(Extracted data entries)
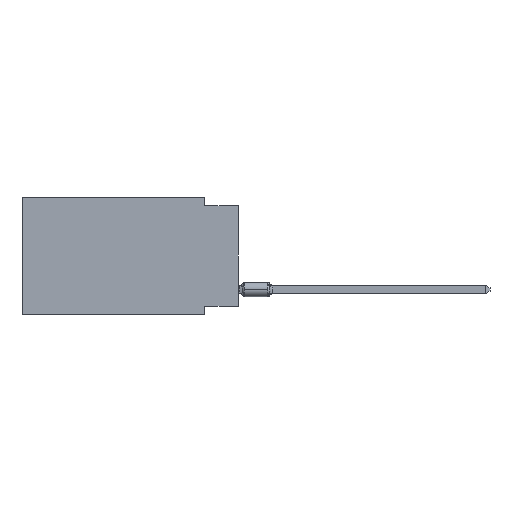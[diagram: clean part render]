
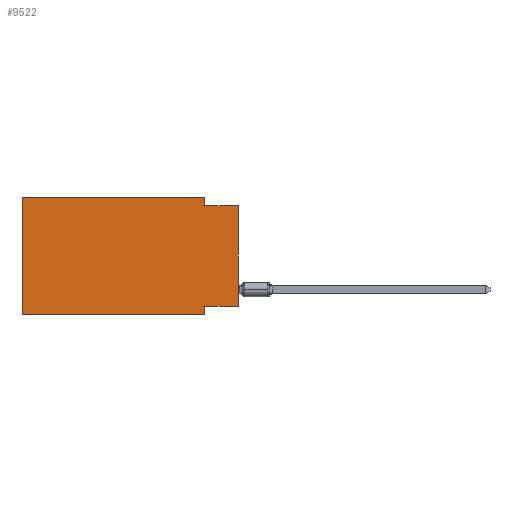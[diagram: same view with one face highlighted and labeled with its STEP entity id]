
A CAD part, left-side view. The second image highlights one B-rep face of the part: STEP entity #9522.
In plain terms, the highlighted planar face has unit normal (-1, 0, 0).
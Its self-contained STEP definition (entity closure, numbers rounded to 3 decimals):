
#261 = LINE ( 'NONE', #2525, #5480 ) ;
#317 = LINE ( 'NONE', #3041, #10584 ) ;
#323 = CARTESIAN_POINT ( 'NONE',  ( 0., 16.383, 0. ) ) ;
#464 = VERTEX_POINT ( 'NONE', #11613 ) ;
#1120 = DIRECTION ( 'NONE',  ( 0., 0., -1. ) ) ;
#1402 = AXIS2_PLACEMENT_3D ( 'NONE', #11249, #8605, #14454 ) ;
#1530 = CARTESIAN_POINT ( 'NONE',  ( 0., 16.383, 0. ) ) ;
#1687 = LINE ( 'NONE', #1530, #4572 ) ;
#2063 = EDGE_CURVE ( 'NONE', #4556, #4142, #2264, .T. ) ;
#2264 = LINE ( 'NONE', #11511, #7083 ) ;
#2270 = EDGE_CURVE ( 'NONE', #11109, #4142, #5306, .T. ) ;
#2525 = CARTESIAN_POINT ( 'NONE',  ( 0., 2.54, 0. ) ) ;
#2903 = DIRECTION ( 'NONE',  ( 0., 1., 0. ) ) ;
#3041 = CARTESIAN_POINT ( 'NONE',  ( 0., 0., -8.255 ) ) ;
#3604 = ORIENTED_EDGE ( 'NONE', *, *, #2063, .F. ) ;
#3791 = CARTESIAN_POINT ( 'NONE',  ( 0., 0., 0. ) ) ;
#3883 = VERTEX_POINT ( 'NONE', #323 ) ;
#4142 = VERTEX_POINT ( 'NONE', #13132 ) ;
#4436 = VERTEX_POINT ( 'NONE', #10295 ) ;
#4556 = VERTEX_POINT ( 'NONE', #14407 ) ;
#4572 = VECTOR ( 'NONE', #8451, 1000. ) ;
#4599 = EDGE_CURVE ( 'NONE', #3883, #9220, #6128, .T. ) ;
#5306 = LINE ( 'NONE', #10911, #13785 ) ;
#5404 = VERTEX_POINT ( 'NONE', #7439 ) ;
#5480 = VECTOR ( 'NONE', #6029, 1000. ) ;
#5812 = CARTESIAN_POINT ( 'NONE',  ( 0., 0., -0.635 ) ) ;
#6029 = DIRECTION ( 'NONE',  ( 0., 0., -1. ) ) ;
#6128 = LINE ( 'NONE', #10749, #11704 ) ;
#6666 = ORIENTED_EDGE ( 'NONE', *, *, #8724, .F. ) ;
#6701 = VECTOR ( 'NONE', #10537, 1000. ) ;
#7083 = VECTOR ( 'NONE', #1120, 1000. ) ;
#7434 = EDGE_LOOP ( 'NONE', ( #13331, #9010, #11209, #12072, #11988, #8214, #3604, #6666 ) ) ;
#7439 = CARTESIAN_POINT ( 'NONE',  ( 0., 2.54, -0.635 ) ) ;
#7552 = EDGE_CURVE ( 'NONE', #11109, #3883, #1687, .T. ) ;
#7720 = CARTESIAN_POINT ( 'NONE',  ( 0., 2.54, 0. ) ) ;
#8214 = ORIENTED_EDGE ( 'NONE', *, *, #2270, .T. ) ;
#8451 = DIRECTION ( 'NONE',  ( 0., 0., 1. ) ) ;
#8605 = DIRECTION ( 'NONE',  ( 1., 0., 0. ) ) ;
#8724 = EDGE_CURVE ( 'NONE', #464, #4556, #317, .T. ) ;
#9010 = ORIENTED_EDGE ( 'NONE', *, *, #9401, .F. ) ;
#9065 = LINE ( 'NONE', #5812, #9874 ) ;
#9220 = VERTEX_POINT ( 'NONE', #7720 ) ;
#9401 = EDGE_CURVE ( 'NONE', #5404, #4436, #9065, .T. ) ;
#9522 = ADVANCED_FACE ( 'NONE', ( #11107 ), #12097, .F. ) ;
#9657 = CARTESIAN_POINT ( 'NONE',  ( 0., 16.383, -8.89 ) ) ;
#9874 = VECTOR ( 'NONE', #13701, 1000. ) ;
#10295 = CARTESIAN_POINT ( 'NONE',  ( 0., 0., -0.635 ) ) ;
#10537 = DIRECTION ( 'NONE',  ( 0., 0., 1. ) ) ;
#10584 = VECTOR ( 'NONE', #2903, 1000. ) ;
#10683 = DIRECTION ( 'NONE',  ( 0., -1., 0. ) ) ;
#10749 = CARTESIAN_POINT ( 'NONE',  ( 0., 16.383, 0. ) ) ;
#10911 = CARTESIAN_POINT ( 'NONE',  ( 0., 16.383, -8.89 ) ) ;
#11107 = FACE_OUTER_BOUND ( 'NONE', #7434, .T. ) ;
#11109 = VERTEX_POINT ( 'NONE', #9657 ) ;
#11209 = ORIENTED_EDGE ( 'NONE', *, *, #13633, .F. ) ;
#11249 = CARTESIAN_POINT ( 'NONE',  ( 0., 16.383, 0. ) ) ;
#11435 = EDGE_CURVE ( 'NONE', #464, #4436, #14191, .T. ) ;
#11511 = CARTESIAN_POINT ( 'NONE',  ( 0., 2.54, -8.89 ) ) ;
#11613 = CARTESIAN_POINT ( 'NONE',  ( 0., 0., -8.255 ) ) ;
#11704 = VECTOR ( 'NONE', #10683, 1000. ) ;
#11988 = ORIENTED_EDGE ( 'NONE', *, *, #7552, .F. ) ;
#12072 = ORIENTED_EDGE ( 'NONE', *, *, #4599, .F. ) ;
#12097 = PLANE ( 'NONE',  #1402 ) ;
#13132 = CARTESIAN_POINT ( 'NONE',  ( 0., 2.54, -8.89 ) ) ;
#13331 = ORIENTED_EDGE ( 'NONE', *, *, #11435, .T. ) ;
#13416 = DIRECTION ( 'NONE',  ( 0., -1., 0. ) ) ;
#13633 = EDGE_CURVE ( 'NONE', #9220, #5404, #261, .T. ) ;
#13701 = DIRECTION ( 'NONE',  ( 0., -1., 0. ) ) ;
#13785 = VECTOR ( 'NONE', #13416, 1000. ) ;
#14191 = LINE ( 'NONE', #3791, #6701 ) ;
#14407 = CARTESIAN_POINT ( 'NONE',  ( 0., 2.54, -8.255 ) ) ;
#14454 = DIRECTION ( 'NONE',  ( 0., 0., -1. ) ) ;

EXERCISE GOAL >>
What you copy out must be exactly the lines from the line containing "#13132 = CARTESIAN_POINT" through the end of the records.

OUTPUT FOR THIS TASK >>
#13132 = CARTESIAN_POINT ( 'NONE',  ( 0., 2.54, -8.89 ) ) ;
#13331 = ORIENTED_EDGE ( 'NONE', *, *, #11435, .T. ) ;
#13416 = DIRECTION ( 'NONE',  ( 0., -1., 0. ) ) ;
#13633 = EDGE_CURVE ( 'NONE', #9220, #5404, #261, .T. ) ;
#13701 = DIRECTION ( 'NONE',  ( 0., -1., 0. ) ) ;
#13785 = VECTOR ( 'NONE', #13416, 1000. ) ;
#14191 = LINE ( 'NONE', #3791, #6701 ) ;
#14407 = CARTESIAN_POINT ( 'NONE',  ( 0., 2.54, -8.255 ) ) ;
#14454 = DIRECTION ( 'NONE',  ( 0., 0., -1. ) ) ;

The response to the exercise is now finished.